Let's illustrate this with one of the built-in datasets in sklearn, iris. This dataset contains 150 training samples with 4 features. iris['data'] is X and iris['target'] is y
In [15]: iris['data'].shape
Out[15]: (150, 4)
To get predictions on the entire set with cross validation you can do the following:
from sklearn.linear_model import LogisticRegression
from sklearn import metrics, cross_validation
from sklearn import datasets
iris = datasets.load_iris()
predicted = cross_validation.cross_val_predict(LogisticRegression(), iris['data'], iris['target'], cv=10)

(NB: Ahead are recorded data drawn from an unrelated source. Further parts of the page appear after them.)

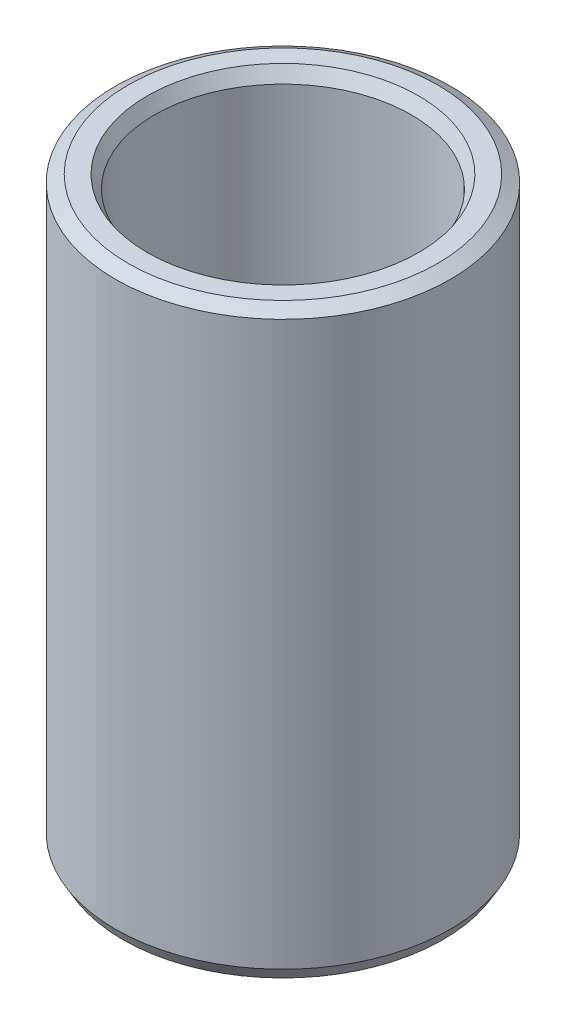
SolidWorks part; units mm, degrees
ref_plane "Front Plane" through (0, 0, 0) normal (0, 0, 1) x (1, 0, 0)
ref_plane "Top Plane" through (0, 0, 0) normal (0, 1, 0) x (1, 0, 0)
ref_plane "Right Plane" through (0, 0, 0) normal (1, 0, 0) x (0, 0, -1)
sketch "Sketch1" plane through (0, 0, 0) normal (0, 1, 0) x (1, 0, 0)
  circle A0 centre (0, 0) radius 27.5
  dimension "SLEEVE_OD" = 55
extrude "Boss-Extrude1" add sketch "Sketch1" along normal blind 95.7551
sketch "Sketch2" plane through (0, 0, 0) normal (0, 1, 0) x (1, 0, 0)
  circle A0 centre (0, 0) radius 21.0891
  dimension "BORE_D" = 42.1782
extrude "Cut-Extrude1" cut sketch "Sketch2" along normal through all
chamfer "Chamfer1" distance 1.2078 angle 60 4 edges at (0, 95.7551, 21.0891) (0, 0, 21.0891) (0, 0, 27.5) (0, 95.7551, 27.5) first distance on face at (0, 95.7551, 21.0891) first distance on face at (0, 0, 21.0891) first distance on face at (0, 95.7551, 27.5)
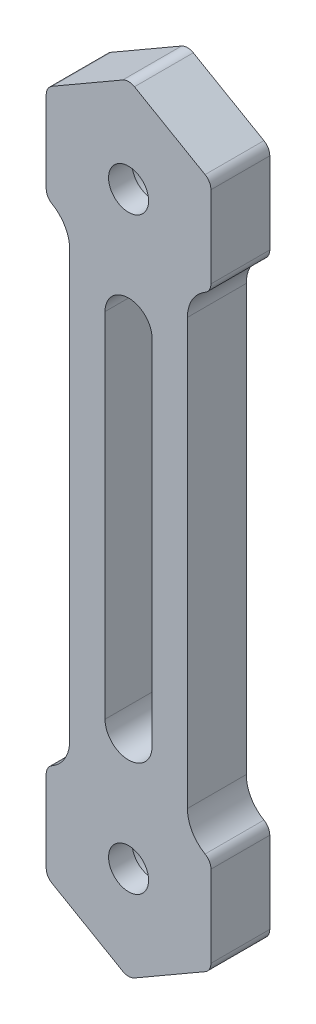
SolidWorks part; units mm, degrees
material "A2017"
ref_plane "正面" through (0, 0, 0) normal (0, 0, 1) x (1, 0, 0)
ref_plane "平面" through (0, 0, 0) normal (0, 1, 0) x (1, 0, 0)
ref_plane "右側面" through (0, 0, 0) normal (1, 0, 0) x (0, 0, -1)
sketch "ｽｹｯﾁ1" plane through (0, 0, 0) normal (0, 0, 1) x (1, 0, 0)
  line L0 (0, 0) -> (9.0749, 0) construction
  line L1 (0, 25) -> (0, 0) construction
  line L2 (0, -16.9171) -> (7, -20.9585)
  line L3 (7, 20.9585) -> (7, 29.0415)
  line L4 (7, 29.0415) -> (0, 33.0829)
  line L5 (0, 33.0829) -> (-7, 29.0415)
  line L6 (-7, 29.0415) -> (-7, 20.9585)
  line L7 (-7, 20.9585) -> (0, 16.9171)
  line L8 (0, 16.9171) -> (7, 20.9585)
  line L9 (-7, -20.9585) -> (0, -16.9171)
  line L10 (-7, -29.0415) -> (-7, -20.9585)
  line L11 (0, -33.0829) -> (-7, -29.0415)
  line L12 (7, -29.0415) -> (0, -33.0829)
  line L13 (7, -20.9585) -> (7, -29.0415)
  circle A0 centre (0, 25) radius 3
  circle A1 centre (0, -25) radius 3
  circle A2 centre (0, 25) radius 7 construction
  circle A3 centre (0, -25) radius 7 construction
  dimension "D1" = 6
  dimension "D2" = 50
  dimension "D3" = 14
extrude "ﾎﾞｽ - 押し出し1" add sketch "ｽｹｯﾁ1" along normal mid plane 5
sketch "ｽｹｯﾁ2" plane through (0, 0, 2.5) normal (0, 0, 1) x (1, 0, 0)
  line L0 (-7, 20.9585) -> (0, 16.9171) construction
  line L1 (5, -19.8038) -> (-5, -19.8038)
  line L2 (5, -19.8038) -> (5, 19.8038)
  line L3 (5, 19.8038) -> (-5, 19.8038)
  line L4 (-5, -19.8038) -> (-5, 19.8038)
  line L5 (5, -19.8038) -> (-5, 19.8038) construction
  line L6 (5, 19.8038) -> (-5, -19.8038) construction
  point P0 (0, 0)
  dimension "D1" = 10
extrude "ﾎﾞｽ - 押し出し2" add sketch "ｽｹｯﾁ2" against normal up to surface (5 mm away) up to face at (0, 25, -2.5)
fillet "ﾌｨﾚｯﾄ1" radius 3 4 edges at (5, -19.8038, 0) (-5, 19.8038, 0) (-5, -19.8038, 0) (5, 19.8038, 0)
fillet "ﾌｨﾚｯﾄ2" radius 1 10 edges at (-7, 20.9585, 0) (-7, 29.0415, 0) (0, 33.0829, 0) (7, 29.0415, 0) (7, 20.9585, 0) (7, -29.0415, 0) (0, -33.0829, 0) (-7, -29.0415, 0) (-7, -20.9585, 0) (7, -20.9585, 0)
sketch "ｽｹｯﾁ3" plane through (0, 0, -2.5) normal (0, 0, -1) x (-1, 0, 0)
  line L0 (0, -15) -> (0, 15) construction
  line L1 (-2, -15) -> (-2, 15)
  line L2 (2, -15) -> (2, 15)
  arc A0 (-2, -15) -> (2, -15) centre (0, -15) ccw
  arc A1 (2, 15) -> (-2, 15) centre (0, 15) ccw
  point P2 (0, 0)
  dimension "D1" = 4
  dimension "D2" = 30
extrude "ｶｯﾄ - 押し出し1" cut sketch "ｽｹｯﾁ3" against normal up to surface (5 mm away) up to face at (0, 0, 2.5)
sketch "ｽｹｯﾁ5" plane through (0, 0, 2.5) normal (0, 0, 1) x (1, 0, 0)
  circle A0 centre (0, -25) radius 3 construction
  circle A1 centre (0, 25) radius 3 construction
  circle A2 centre (0, -25) radius 3
  circle A3 centre (0, 25) radius 3
extrude "ﾎﾞｽ - 押し出し3" add sketch "ｽｹｯﾁ5" against normal blind 2
hole_wizard "M3 すきま穴1" positions "ｽｹｯﾁ6" profile "ｽｹｯﾁ7" hole size "M3" standard "JIS" end condition through all
sketch "ｽｹｯﾁ6" plane through (0, 0, 0.5) normal (0, 0, -1) x (-1, 0, 0)
  point P0 (0, 25)
  point P3 (0, -25)
sketch "ｽｹｯﾁ7" plane through (0, 25, 0.5) normal (1, 0, 0) x (0, 1, 0)
  line L0 (0, 0) -> (0, 2)
  line L1 (0, 2) -> (1.7, 2)
  line L2 (1.7, 2) -> (1.7, 0)
  line L5 (1.7, 0) -> (0, 0)
  line L11 (0, -6.35) -> (0, 107.95) construction
  dimension "通し穴の直径" = 3.4
  dimension "通し穴の深さ" = 2
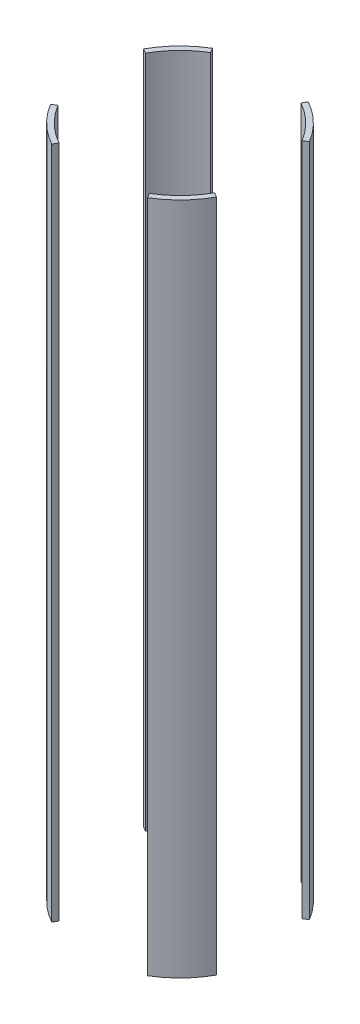
SolidWorks part; units mm, degrees
ref_plane "Front Plane" through (0, 0, 0) normal (0, 0, 1) x (1, 0, 0)
ref_plane "Top Plane" through (0, 0, 0) normal (0, 1, 0) x (1, 0, 0)
ref_plane "Right Plane" through (0, 0, 0) normal (1, 0, 0) x (0, 0, -1)
sketch "Sketch2" plane through (0, 0, 0) normal (0, 1, 0) x (1, 0, 0)
  circle A0 centre (0, 0) radius 88.9
  circle A1 centre (0, 0) radius 83.82
  dimension "D1" = 177.8
  dimension "D2" = 167.64
extrude "Boss-Extrude1" add sketch "Sketch2" along normal mid plane 635
sketch "Sketch3" plane through (0, 0, 0) normal (0, 1, 0) x (1, 0, 0)
  line L0 (0, 0) -> (169.6618, 101.6776)
  line L1 (-58.1167, 96.9749) -> (0, 0)
  line L2 (0, 0) -> (53.9, 96.9749)
  line L3 (53.9, 96.9749) -> (-58.1167, 96.9749)
  line L4 (0, 0) -> (70.9917, -118.4586)
  line L5 (70.9917, -118.4586) -> (-65.8409, -118.4586)
  line L6 (-65.8409, -118.4586) -> (0, 0)
  line L7 (169.6618, 101.6776) -> (169.6618, -94.3004)
  line L8 (169.6618, -94.3004) -> (0, 0)
  line L9 (0, 0) -> (-123.7413, 68.7771)
  line L10 (-123.7413, 68.7771) -> (-123.7413, -74.1577)
  line L11 (-123.7413, -74.1577) -> (0, 0)
  dimension "D1" = 60
  dimension "D2" = 60
  dimension "D3" = 60
  dimension "D4" = 60
  dimension "D5" = 30
  dimension "D6" = 30
extrude "Cut-Extrude1" cut sketch "Sketch3" against normal through all both and the other way through all contours L8 L7 L0 | L2 L3 L1 | L10 L11 L9 | L6 L5 L4 region at (-1.4056, 0, -64.65) region at (1.7169, 0, 78.9724) region at (113.1078, 0, -2.4591) region at (-82.4942, 0, 1.7935)
equation "\"D1@Boss-Extrude1\"=3*12"

print metrics.accuracy_score(iris['target'], predicted)
Out [1] : 0.9537
print metrics.classification_report(iris['target'], predicted)
Out [2] :
precision recall f1-score support
0 1.00 1.00 1.00 50
1 0.96 0.90 0.93 50
2 0.91 0.96 0.93 50
avg / total 0.95 0.95 0.95 150
So, back to your code. All you need is this:
from sklearn import metrics, cross_validation
predicted = cross_validation.cross_val_predict(logreg, X, y, cv=10)
print metrics.accuracy_score(y, predicted)
print metrics.classification_report(y, predicted)
For plotting ROC in multi-class classification, you can follow this tutorial which gives you something like the following:
In general, sklearn has very good tutorials and documentation. I strongly recommend reading their tutorial on cross_validation.